■ Task requirements ■
Among the entries below, find the lines with the word "message" and copy them.
———
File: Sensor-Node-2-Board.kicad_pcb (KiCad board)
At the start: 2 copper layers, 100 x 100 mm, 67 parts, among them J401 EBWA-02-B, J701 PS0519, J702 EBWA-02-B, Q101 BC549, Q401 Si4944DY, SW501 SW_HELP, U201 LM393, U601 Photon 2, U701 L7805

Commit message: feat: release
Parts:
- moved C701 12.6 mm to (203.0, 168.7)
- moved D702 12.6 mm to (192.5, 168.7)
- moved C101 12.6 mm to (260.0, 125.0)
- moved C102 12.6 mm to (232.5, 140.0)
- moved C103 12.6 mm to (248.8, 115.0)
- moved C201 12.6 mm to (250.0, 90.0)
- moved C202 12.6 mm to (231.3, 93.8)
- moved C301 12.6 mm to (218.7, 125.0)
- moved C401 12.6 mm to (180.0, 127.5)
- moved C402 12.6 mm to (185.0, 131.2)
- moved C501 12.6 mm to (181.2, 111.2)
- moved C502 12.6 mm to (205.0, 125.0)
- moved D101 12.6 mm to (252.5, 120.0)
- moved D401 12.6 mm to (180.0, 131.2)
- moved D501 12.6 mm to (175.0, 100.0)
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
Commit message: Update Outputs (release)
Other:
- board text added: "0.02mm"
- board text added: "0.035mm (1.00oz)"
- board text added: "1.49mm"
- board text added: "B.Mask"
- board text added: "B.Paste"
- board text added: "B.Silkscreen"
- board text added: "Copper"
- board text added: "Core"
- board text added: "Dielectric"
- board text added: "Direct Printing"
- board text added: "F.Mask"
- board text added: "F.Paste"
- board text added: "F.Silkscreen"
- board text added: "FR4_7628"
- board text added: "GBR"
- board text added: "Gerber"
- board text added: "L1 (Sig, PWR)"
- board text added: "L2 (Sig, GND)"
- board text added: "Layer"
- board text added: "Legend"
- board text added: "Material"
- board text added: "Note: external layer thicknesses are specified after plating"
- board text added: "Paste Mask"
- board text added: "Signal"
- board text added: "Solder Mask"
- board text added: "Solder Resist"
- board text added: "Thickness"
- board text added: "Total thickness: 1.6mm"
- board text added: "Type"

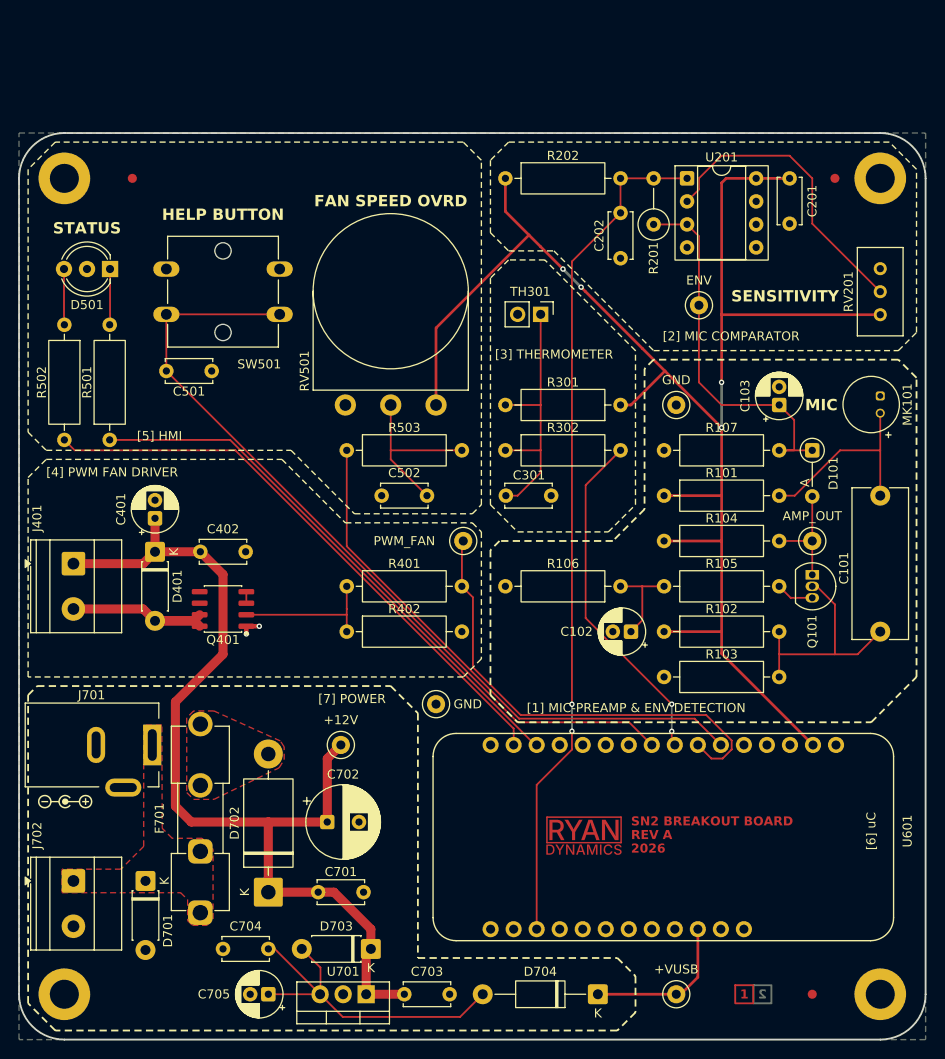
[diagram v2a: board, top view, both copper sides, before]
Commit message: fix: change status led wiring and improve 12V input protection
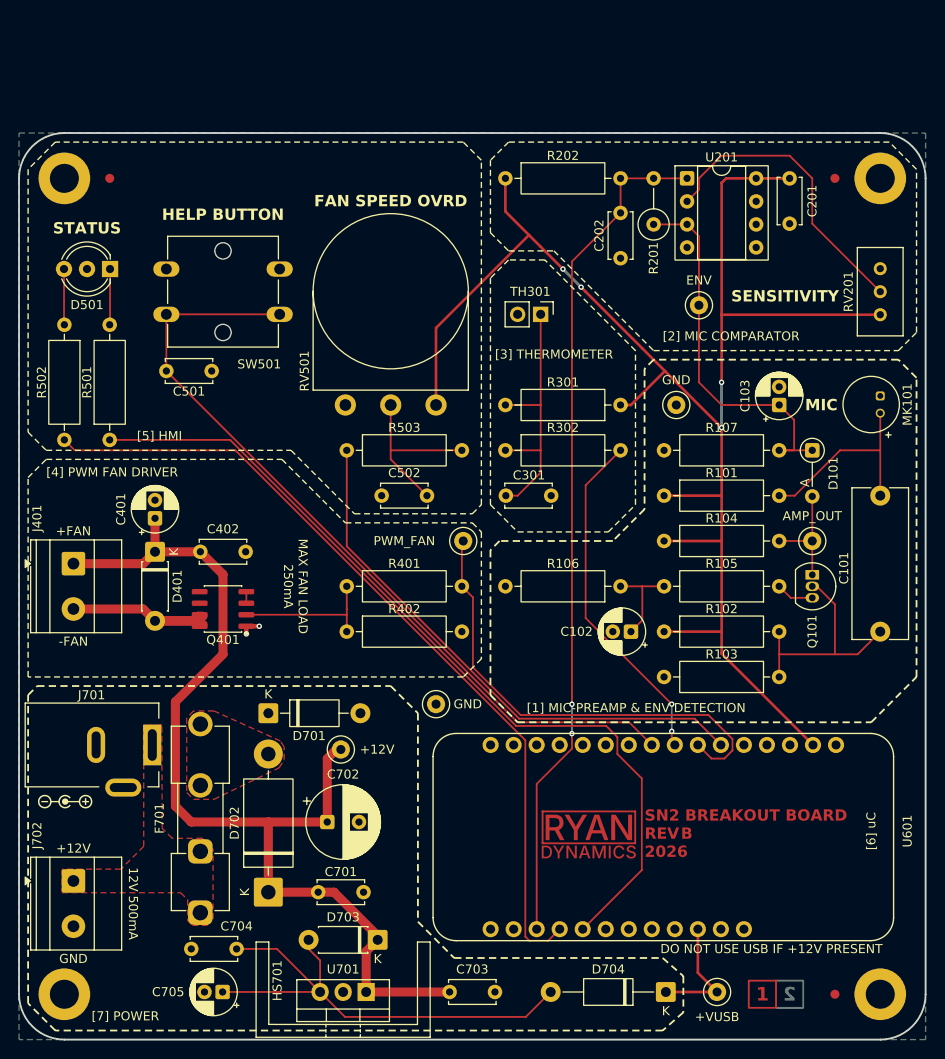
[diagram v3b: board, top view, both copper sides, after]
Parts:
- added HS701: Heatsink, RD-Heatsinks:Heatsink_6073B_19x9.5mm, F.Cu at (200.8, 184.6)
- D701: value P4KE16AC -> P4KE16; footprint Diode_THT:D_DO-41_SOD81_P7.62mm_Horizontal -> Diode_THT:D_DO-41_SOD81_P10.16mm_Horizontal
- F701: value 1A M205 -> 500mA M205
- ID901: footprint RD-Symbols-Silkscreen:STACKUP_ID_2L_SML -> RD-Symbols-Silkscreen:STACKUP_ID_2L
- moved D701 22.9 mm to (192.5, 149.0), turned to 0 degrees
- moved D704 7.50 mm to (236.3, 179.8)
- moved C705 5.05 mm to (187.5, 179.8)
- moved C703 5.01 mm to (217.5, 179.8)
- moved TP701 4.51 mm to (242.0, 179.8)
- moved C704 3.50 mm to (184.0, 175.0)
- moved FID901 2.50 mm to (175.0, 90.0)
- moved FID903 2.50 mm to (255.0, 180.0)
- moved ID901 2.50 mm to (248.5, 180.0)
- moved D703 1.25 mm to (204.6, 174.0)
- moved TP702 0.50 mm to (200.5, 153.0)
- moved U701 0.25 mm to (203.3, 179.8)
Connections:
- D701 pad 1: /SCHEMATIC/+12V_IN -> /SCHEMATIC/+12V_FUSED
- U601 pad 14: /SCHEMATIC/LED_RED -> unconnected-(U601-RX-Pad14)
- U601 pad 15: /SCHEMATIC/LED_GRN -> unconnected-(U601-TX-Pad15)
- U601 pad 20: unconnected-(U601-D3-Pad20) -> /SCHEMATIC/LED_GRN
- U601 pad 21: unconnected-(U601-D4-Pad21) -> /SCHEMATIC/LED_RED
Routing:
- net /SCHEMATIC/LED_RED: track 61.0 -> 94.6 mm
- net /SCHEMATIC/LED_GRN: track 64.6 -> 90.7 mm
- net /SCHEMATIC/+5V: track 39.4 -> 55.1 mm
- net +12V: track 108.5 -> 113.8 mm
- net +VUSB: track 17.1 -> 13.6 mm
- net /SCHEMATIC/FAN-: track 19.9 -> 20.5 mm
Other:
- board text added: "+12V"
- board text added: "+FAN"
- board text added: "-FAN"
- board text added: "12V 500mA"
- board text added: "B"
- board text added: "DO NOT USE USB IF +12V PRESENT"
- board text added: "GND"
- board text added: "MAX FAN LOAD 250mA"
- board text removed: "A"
———
■ Solution ■
Commit message: feat: release
Commit message: Update Outputs (release)
Commit message: fix: change status led wiring and improve 12V input protection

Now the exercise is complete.